Because of these deals, which allow our markets to be flooded with imports, while other countries are allowed to place significant restrictions on what we can export to them, America now makes virtually nothing substantial. While we may not make many clothes, electronic products or automobiles in our country anymore, we do lead the world in "consultants," "analysts," and "vice presidents in charge of looking out the window." We are increasingly becoming a have and have not society, with the middle class being squeezed out of existence. With bloated plutocrats like Warren Buffet and Bill Gates having enough wealth themselves to make hundreds of thousands of families millionaires, a reemergence of Huey Long's "Share The Wealth" movement, which was wildly popular in the early to mid 1930s, is long overdue.

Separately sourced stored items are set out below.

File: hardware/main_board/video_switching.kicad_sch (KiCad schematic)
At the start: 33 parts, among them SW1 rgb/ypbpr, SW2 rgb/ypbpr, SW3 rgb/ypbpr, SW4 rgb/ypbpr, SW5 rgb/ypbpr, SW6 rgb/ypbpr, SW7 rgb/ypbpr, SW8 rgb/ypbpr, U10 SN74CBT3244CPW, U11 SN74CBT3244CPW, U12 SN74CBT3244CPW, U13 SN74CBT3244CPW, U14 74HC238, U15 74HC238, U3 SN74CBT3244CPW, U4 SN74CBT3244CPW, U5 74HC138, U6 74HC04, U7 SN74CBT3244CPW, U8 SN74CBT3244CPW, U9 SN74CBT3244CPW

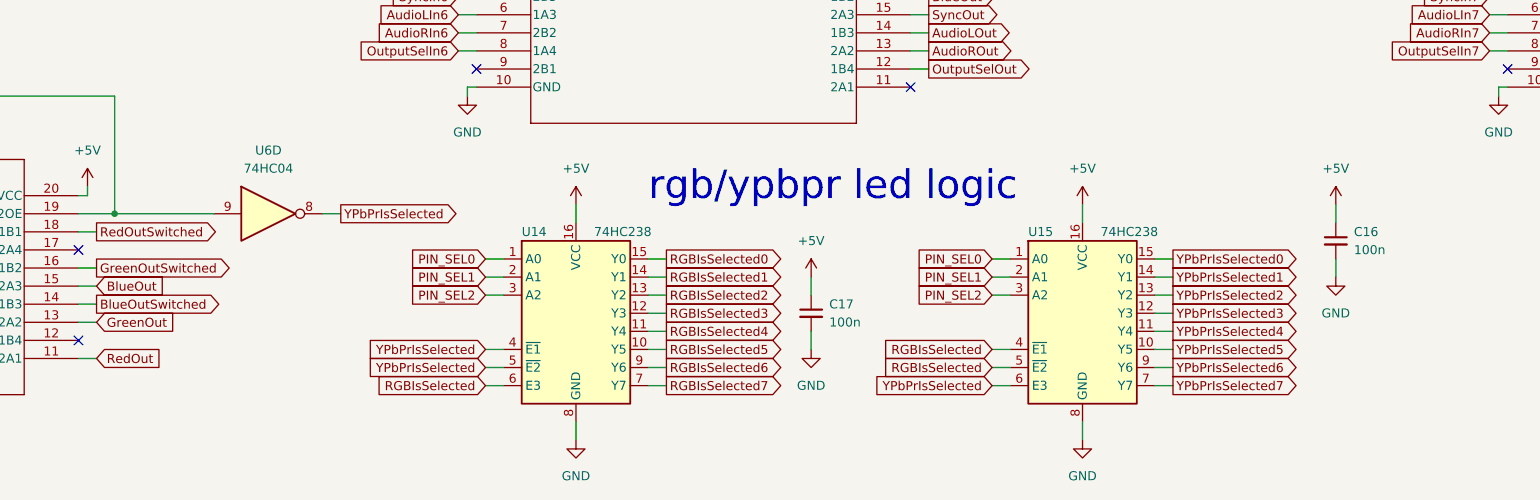
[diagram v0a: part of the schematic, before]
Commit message: #2: Hardware changes to accommodate new standby feature. Might as well commit symbol/footprint tables.
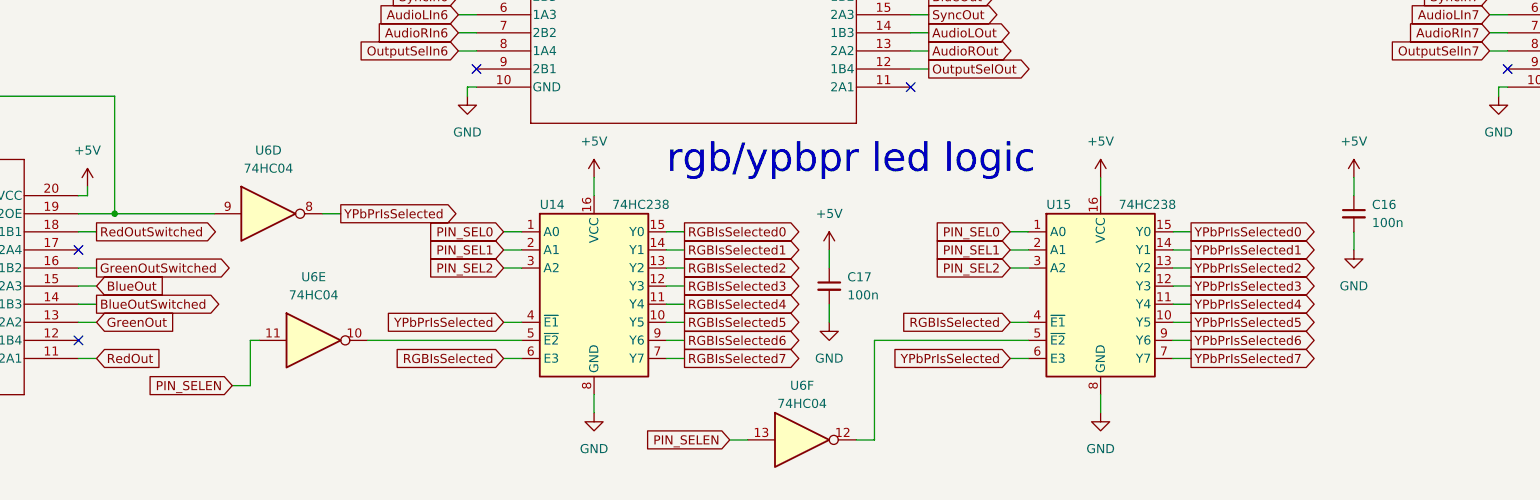
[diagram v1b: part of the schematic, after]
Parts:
- added unit 5 of U6
- added unit 6 of U6
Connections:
- net OutputSelOut: no longer U15.5 (~{E2})
- net PIN_SELEN: now also U6.11, U6.13
- net YPbPrIsSelected: no longer U14.5 (~{E2})
- new net: U14.5 (~{E2}), U6.10
- new net: U15.5 (~{E2}), U6.12
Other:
- moved on the sheet: C16, C17, U14, U15

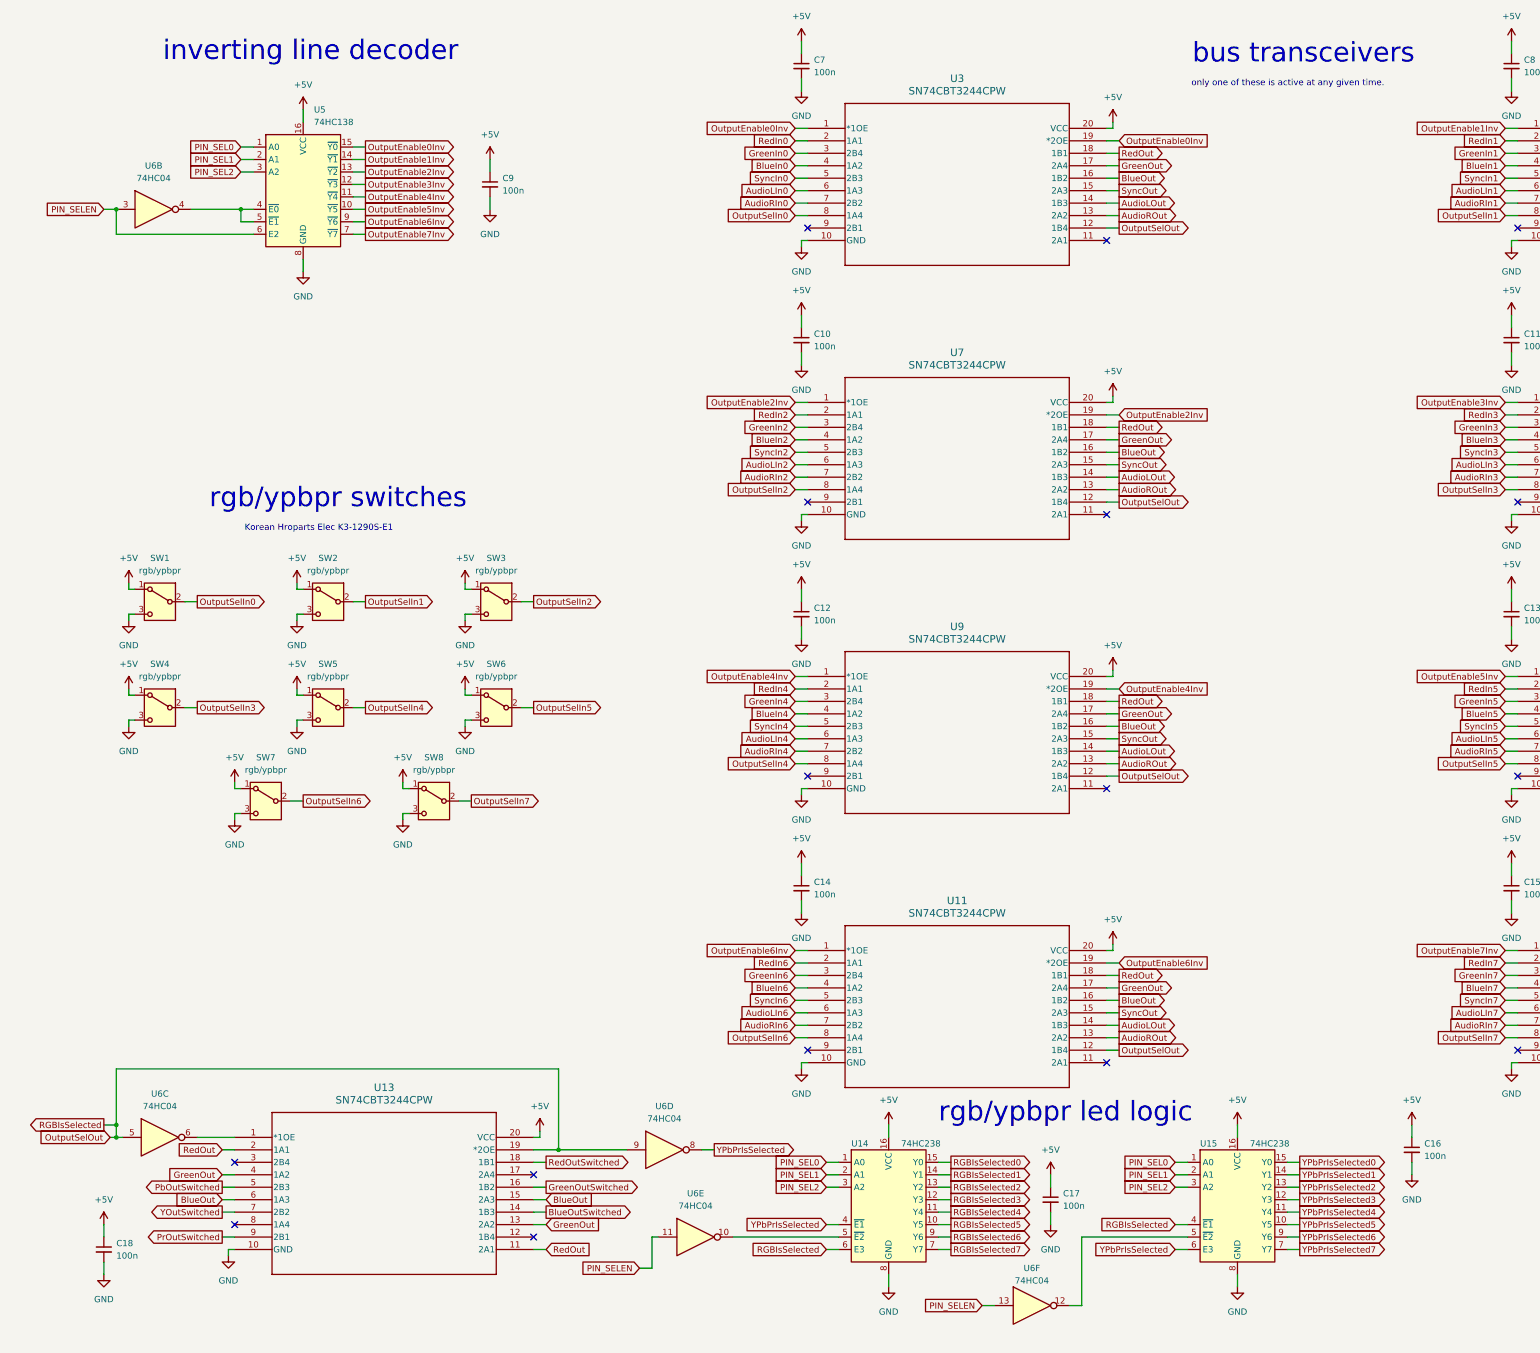
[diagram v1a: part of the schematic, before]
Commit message: #5: Removed LED-related things from main_board. Replaced power inlet with USB-C connector configured to accept 5V. Not sure what current consumption will be like though...
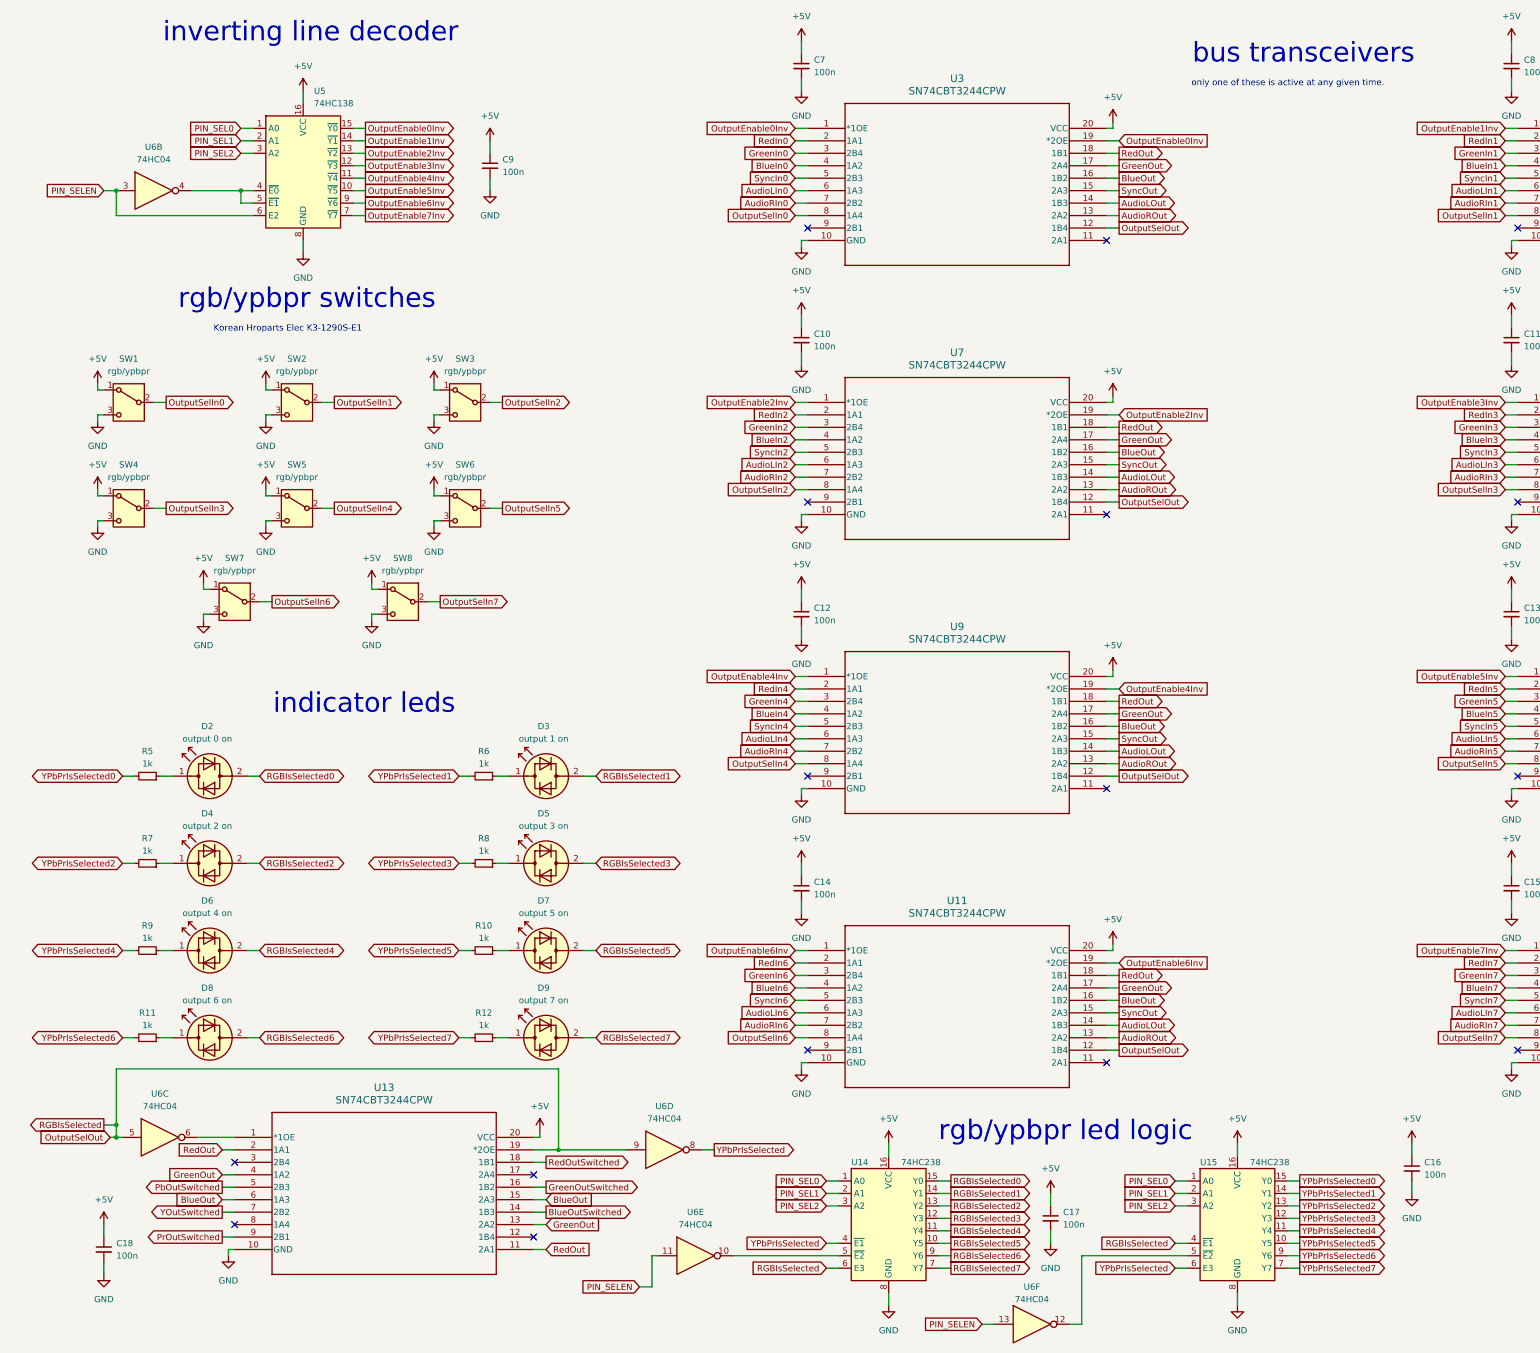
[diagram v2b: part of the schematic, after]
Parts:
- added D2: output 0 on, LED_THT:LED_D5.0mm, symbol Device:LED_Dual_Bidirectional
- added D3: output 1 on, LED_THT:LED_D5.0mm, symbol Device:LED_Dual_Bidirectional
- added D4: output 2 on, LED_THT:LED_D5.0mm, symbol Device:LED_Dual_Bidirectional
- added D5: output 3 on, LED_THT:LED_D5.0mm, symbol Device:LED_Dual_Bidirectional
- added D6: output 4 on, LED_THT:LED_D5.0mm, symbol Device:LED_Dual_Bidirectional
- added D7: output 5 on, LED_THT:LED_D5.0mm, symbol Device:LED_Dual_Bidirectional
- added D8: output 6 on, LED_THT:LED_D5.0mm, symbol Device:LED_Dual_Bidirectional
- added D9: output 7 on, LED_THT:LED_D5.0mm, symbol Device:LED_Dual_Bidirectional
- added R10, R11, R12, R5, R6, R7, R8, R9: 1k, Resistor_SMD:R_0603_1608Metric, symbol Device:R_Small
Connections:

People's pensions, 401K plans and IRA investments are all in jeopardy now. We need a massive redistribution of wealth, as well as a recognition that workers have to be paid enough to meet the costs of living. As it stands now, the cost of living is rising much more rapidly than the meager raises (when there are any at all) most working people receive annually. Combined with the ticking time bomb of Social Security, and we are in dire straits unless our corrupt and incompetent leaders don't finally act in the public interest.

If only I could get my name on the ballot....

A very high percentage of Americans believe that this nation was founded under the rubic of Adam Smith's "Free Trade" doctrine. This is false. America was founded under the "American System of Political Economy". Lincoln, FDR and JFK were all practitioners of the American System. So we havent had any economic growth in physical terms since the mid 1960's. Monetary values have exploded but there has been no increase per capita in the physical wealth of the nation.

And Don I don't subcribe to our problems being the result of a few bad leaders. The problem lies with the population, they are the real problem.